Il senso della cerimonia appare evidente a Kerényi: un capretto doveva morire affinchè la vite potesse nuovamente crescere sulla terra. Essenziale era naturalmente il rapporto simpatetico tra la vittima, il dio Dioniso, e la vite o il capretto. «La continuità e l’indistruttibilità della zoé non venivano insegnate, ma presentate con la massima naturalezza: in un piccolo frammento concreto dell’altrettanto concreta vita universale».

Il sacrificio di Dioniso, con la sua complessa struttura, dominata da una rigorosa logica interna costituì un momento basilare della storia della religione greca e da essa derivarono sviluppi di grande portata quali l’orfismo e la tragedia greca, nata dalle feste dionisiache degli ateniesi.
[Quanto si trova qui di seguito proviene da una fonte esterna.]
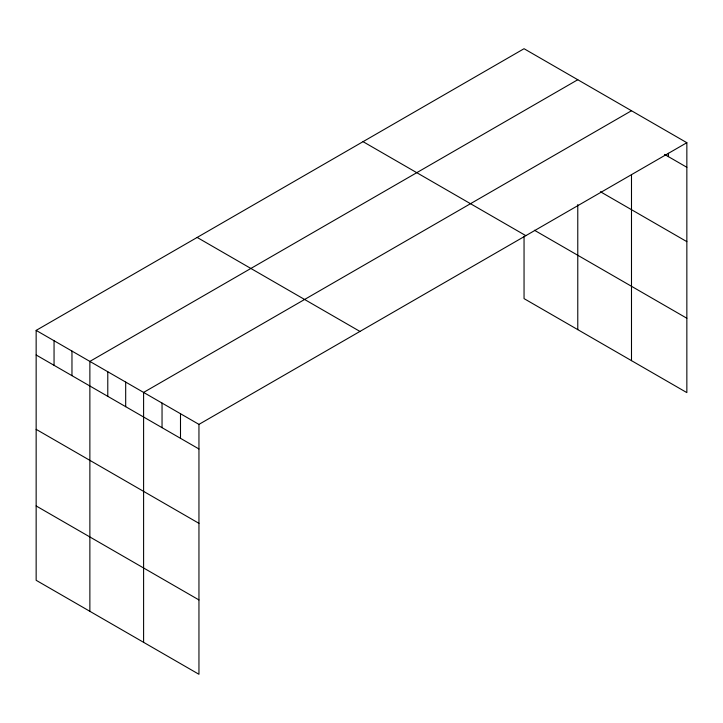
<?xml version="1.0" encoding="UTF-8"?>
<svg xmlns="http://www.w3.org/2000/svg" width="723" height="723" viewBox="0 0 723 723"><rect width="100%" height="100%" fill="white"/><g stroke="black" fill="none" stroke-linecap="round" stroke-linejoin="round"><path stroke-width="1.08" d="M686.85 142.702L198.952 424.383L198.952 674.288L36.15 580.298L36.15 330.393L524.048 48.712L686.85 142.702L686.85 392.607L524.048 298.617L524.048 236.285M577.776 79.729L89.869 361.41L89.869 611.315M631.495 110.746L143.597 392.426L143.597 642.331M664.518 154.397L686.85 167.293M600.397 191.731L686.85 241.645M534.424 230.248L686.85 318.247M363.045 141.663L525.838 235.653M197.162 237.442L359.955 331.432M36.15 330.393L198.952 424.383M36.15 354.984L198.952 448.974M36.15 429.345L198.952 523.335M36.15 505.946L198.952 599.936M668.395 153.285L668.395 156.638M631.495 174.695L631.495 360.65M577.776 204.582L577.776 329.634M180.497 413.737L180.497 438.328M162.042 403.082L162.042 427.673M125.685 382.087L125.685 406.678M107.781 371.749L107.781 396.34M71.966 351.071L71.966 375.662M54.053 340.732L54.053 365.323"/></g></svg>
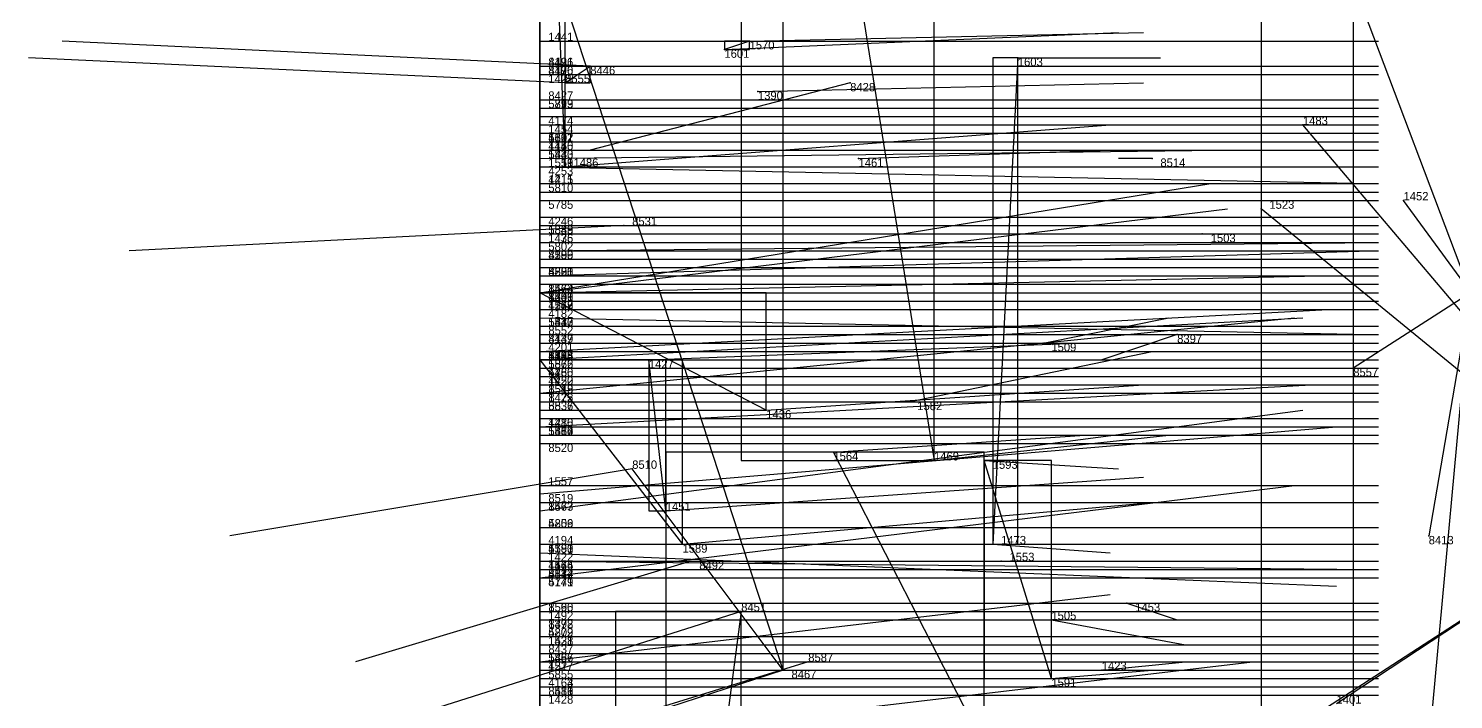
# Model space of a CAD drawing. Extents: x -0.07 to 1.1, y -0.07 to 1.1.
# Drawn here: x -0.061 to 0.109, y 0.2945 to 0.3745 of the extents above; entities that cross this region are included whole.
import ezdxf

# ---------------------------------------------------------------- set-up
doc = ezdxf.new("R2010")
doc.units = 0
for name, color, linetype in [('Clients', 3, 'CONTINUOUS'), ('Facilities', 3, 'CONTINUOUS'), ('Facilities_lines', 3, 'CONTINUOUS'), ('Min_max_boxes', 1, 'CONTINUOUS'), ('Normals', 1, 'CONTINUOUS'), ('Source_points', 5, 'CONTINUOUS'), ('Text', 3, 'CONTINUOUS')]:
    doc.layers.add(name, color=color, linetype=linetype)

msp = doc.modelspace()

# ---------------------------------------------------------------- linework, layer by layer
at = {"layer": 'Clients', "color": 5}
for p in [(0, 0.373, 0.199), (0.022, 0.372), (0, 0.37, 0.311), (0, 0.37, 0.355), (0, 0.37, 0.838), (0, 0.37, 0.797), (0, 0.369, 0.216), (0.006, 0.37, 1), (0, 0.366, 0.739), (0, 0.366, 0.808), (0, 0.365, 0.681), (0, 0.364, 0.492), (0, 0.363, 0.239), (0.091, 0.363), (0, 0.362, 0.159), (0, 0.362, 0.547), (0, 0.361, 0.141), (0, 0.361, 0.392), (0, 0.361, 0.505), (0, 0.36, 0.402), (0, 0.36, 0.583), (0, 0.358, 0.078), (0, 0.358, 0.192), (0, 0.358, 0.229), (0, 0.358, 0.475), (0.003, 0.358), (0, 0.356, 0.375), (0, 0.355, 0.524), (0, 0.354, 0.576), (0.103, 0.354), (0, 0.352, 0.278), (0.086, 0.353), (0, 0.351, 0.18), (0, 0.35, 0.216), (0, 0.35, 0.608), (0, 0.349, 0.177), (0, 0.348, 0.653), (0, 0.347, 0.439), (0, 0.347, 0.475), (0, 0.346, 0.262), (0, 0.345, 0.599), (0, 0.344, 0.875), (0, 0.343, 0.014), (0, 0.343, 0.322), (0, 0.342, 0.103), (0, 0.342, 0.346), (0, 0.342, 0.384), (0, 0.341, 0.408), (0, 0.341, 0.382), (0, 0.339, 0.244), (0, 0.339, 0.698), (0, 0.338, 0.853), (0, 0.337, 0.258), (0, 0.336, 0.235), (0, 0.336, 0.278), (0, 0.336, 0.484), (0, 0.336, 0.598), (0, 0.336, 0.79), (0, 0.335, 0.64), (0, 0.335, 0.645), (0, 0.335, 0.794), (0.013, 0.335), (0, 0.334, 0.476), (0.097, 0.334, 1), (0, 0.333, 0.245), (0, 0.333, 0.093), (0, 0.333, 0.419), (0, 0.333, 0.707), (0, 0.332, 0.427), (0, 0.332, 0.793), (0, 0.331, 0.173), (0, 0.33, 0.636), (0, 0.33, 0.876), (0, 0.33, 0.804), (0, 0.328, 0.321), (0, 0.327, 0.097), (0, 0.327, 0.633), (0, 0.326, 0.204), (0, 0.325, 0.786), (0.035, 0.324), (0.047, 0.323), (0.053, 0.323), (0.011, 0.322, 1), (0, 0.32, 0.179), (0, 0.318, 0.118), (0, 0.315, 0.453), (0, 0.315, 0.65), (0, 0.313, 0.384), (0, 0.313, 0.427), (0, 0.313, 0.712), (0.017, 0.313), (0.054, 0.313), (0.106, 0.314, 1), (0, 0.311, 0.348), (0, 0.31, 0.164), (0, 0.31, 0.098), (0, 0.31, 0.31), (0, 0.31, 0.676), (0, 0.309, 0.376), (0, 0.309, 0.561), (0, 0.309, 0.789), (0, 0.306, 0.814), (0, 0.304, 0.168), (0, 0.304, 0.179), (0, 0.304, 0.772), (0, 0.302, 0.368), (0, 0.302, 0.519), (0, 0.301, 0.094), (0, 0.301, 0.092), (0, 0.299, 0.003), (0, 0.299, 0.7), (0, 0.298, 0.184), (0, 0.298, 0.449), (0, 0.297, 0.268), (0, 0.297, 0.641), (0, 0.296, 0.468), (0, 0.296, 0.831), (0, 0.296, 0.825), (0, 0.295, 0.249), (0, 0.295, 0.796)]:
    msp.add_point(p, dxfattribs=at)
at = {"layer": 'Facilities', "color": 3}
for p in [(0.025, 0.373), (0.057, 0.371), (0.003, 0.368, 1), (0.037, 0.368, 1), (0.026, 0.367), (0, 0.359, 0.017), (0.038, 0.359), (0.073, 0.359, 1), (0, 0.356, 0.091), (0.01, 0.351, 1), (0.079, 0.35), (0, 0.348, 0.925), (0, 0.345, 0.931), (0, 0.343, 0.019), (0, 0.343, 0.969), (0, 0.34, 0.068), (0, 0.337, 0.902), (0.06, 0.337), (0.076, 0.338, 1), (0, 0.336, 0.05), (0, 0.335, 0.034), (0, 0.331, 0.031), (0.044, 0.33), (0.027, 0.329), (0, 0.327, 0.042), (0, 0.319, 0.95), (0, 0.317, 0.964), (0.015, 0.317), (0, 0.312, 0.05), (0, 0.311, 0.068), (0.018, 0.311, 1), (0.055, 0.311), (0, 0.309, 0.97), (0.07, 0.306), (0, 0.305, 0.134), (0.024, 0.305, 1), (0.061, 0.304), (0, 0.3, 0.839), (0.029, 0.298, 1), (0.032, 0.299, 1), (0.067, 0.298), (0.061, 0.297)]:
    msp.add_point(p, dxfattribs=at)
at = {"layer": 'Facilities_lines', "color": 3}
for p, q in [((0, 0.431, 0.013), (0.003, 0.358)), ((0, 0.43, 0.625), (0, 0.309, 0.561)), ((0, 0.43, 0.625), (0, 0.335, 0.64)), ((0, 0.43, 0.625), (0, 0.354, 0.576)), ((0, 0.43, 0.625), (0, 0.365, 0.681)), ((0, 0.43, 0.625), (0, 0.348, 0.653)), ((0, 0.43, 0.625), (0, 0.327, 0.633)), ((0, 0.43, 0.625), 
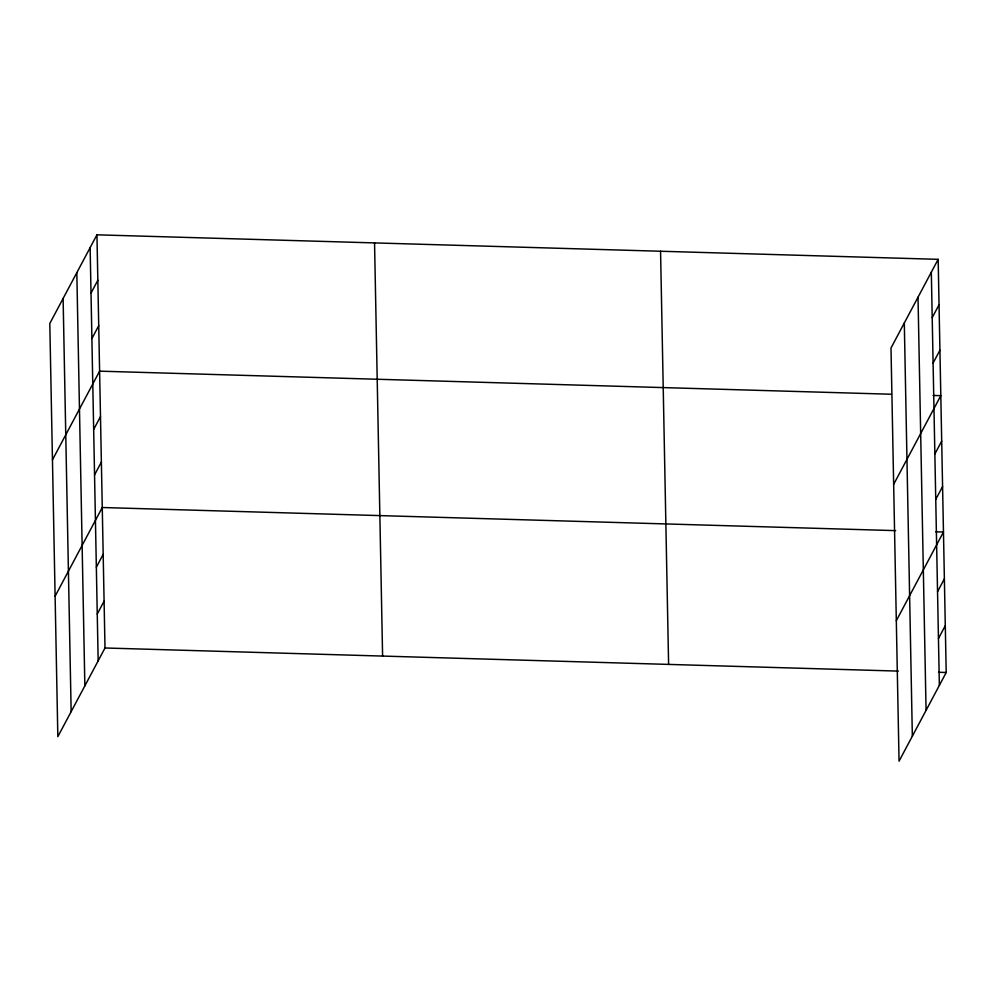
<?xml version="1.0" encoding="UTF-8"?>
<svg xmlns="http://www.w3.org/2000/svg" width="996" height="996" viewBox="0 0 996 996"><rect width="100%" height="100%" fill="white"/><g stroke="black" fill="none" stroke-linecap="round" stroke-linejoin="round"><path stroke-width="1.49" d="M96.948 234.819L49.8 323.501L57.843 736.667L105.003 647.985L96.948 234.819L938.157 259.334L946.2 672.499L899.052 761.181L890.997 348.015L938.157 259.334M91.01 293.11L97.832 280.262M91.893 338.565L98.729 325.717M52.452 459.841L99.612 371.159L891.457 394.242M93.661 429.463L100.496 416.614M94.545 474.905L101.38 462.057M55.116 596.193L102.264 507.512L895.653 530.631M96.351 567.185L103.173 554.336M97.259 614.009L104.094 601.161M932.206 317.624L939.041 304.788M933.09 363.079L939.925 350.231M893.661 484.355L940.809 395.673L933.103 395.449M934.858 453.977L941.693 441.128M935.742 499.419L942.577 486.571M896.313 620.707L943.461 532.026L935.754 531.802M937.547 591.699L944.37 578.85M938.456 638.523L945.291 625.675M105.003 647.985L898.392 671.105M938.493 672.275L946.2 672.499M931.322 272.182L939.365 685.348M918.013 297.206L926.068 710.372M904.306 322.99L912.348 736.156M660.56 251.241L668.602 664.407M374.546 242.912L382.601 656.078M90.126 247.668L98.168 660.834M76.817 272.692L84.859 685.858M63.109 298.476L71.152 711.642"/></g></svg>

La tragedia, la creazione spirituale, prima che artistica, che prende spunto dal caprone sacrificato, si contraddistingueva per due elementi aggiuntivi importanti: il mito dell’uccisione dell’animale, contemporaneamente rappresentante del dio e suo nemico e il tentativo di spiegarlo come punizione per l’animale colpevole.

L’attenta lettura della tragedia di Euripide Le baccanti mostrerebbe secondo Kerényi come il vero soggetto della primitiva tragedia fosse non tanto Dioniso, quanto Pentheus, ‘l’uomo della sofferenza’, nemico e contemporaneamente vittima del dio.

La tragedia, come del resto la commedia e la Commedia Nuova debbono essere guardate come forme spiritualmente elevate della religione dionisiaca, una religione che vedeva il bios, la vita dei singoli, attingere dalla zoé la propria esistenza e la spe-ranza di sopravvivere dopo la morte.

Queste forme artistiche che avevano origine dalle famose feste religiose, soprattutto dalle Grandi Dionisie e dalle Lenee, sono state forse il germoglio più fecondo di tutta la cultura occidentale e il saggio di Kerényi ci aiuta a ristabilire con esse un contatto vivo.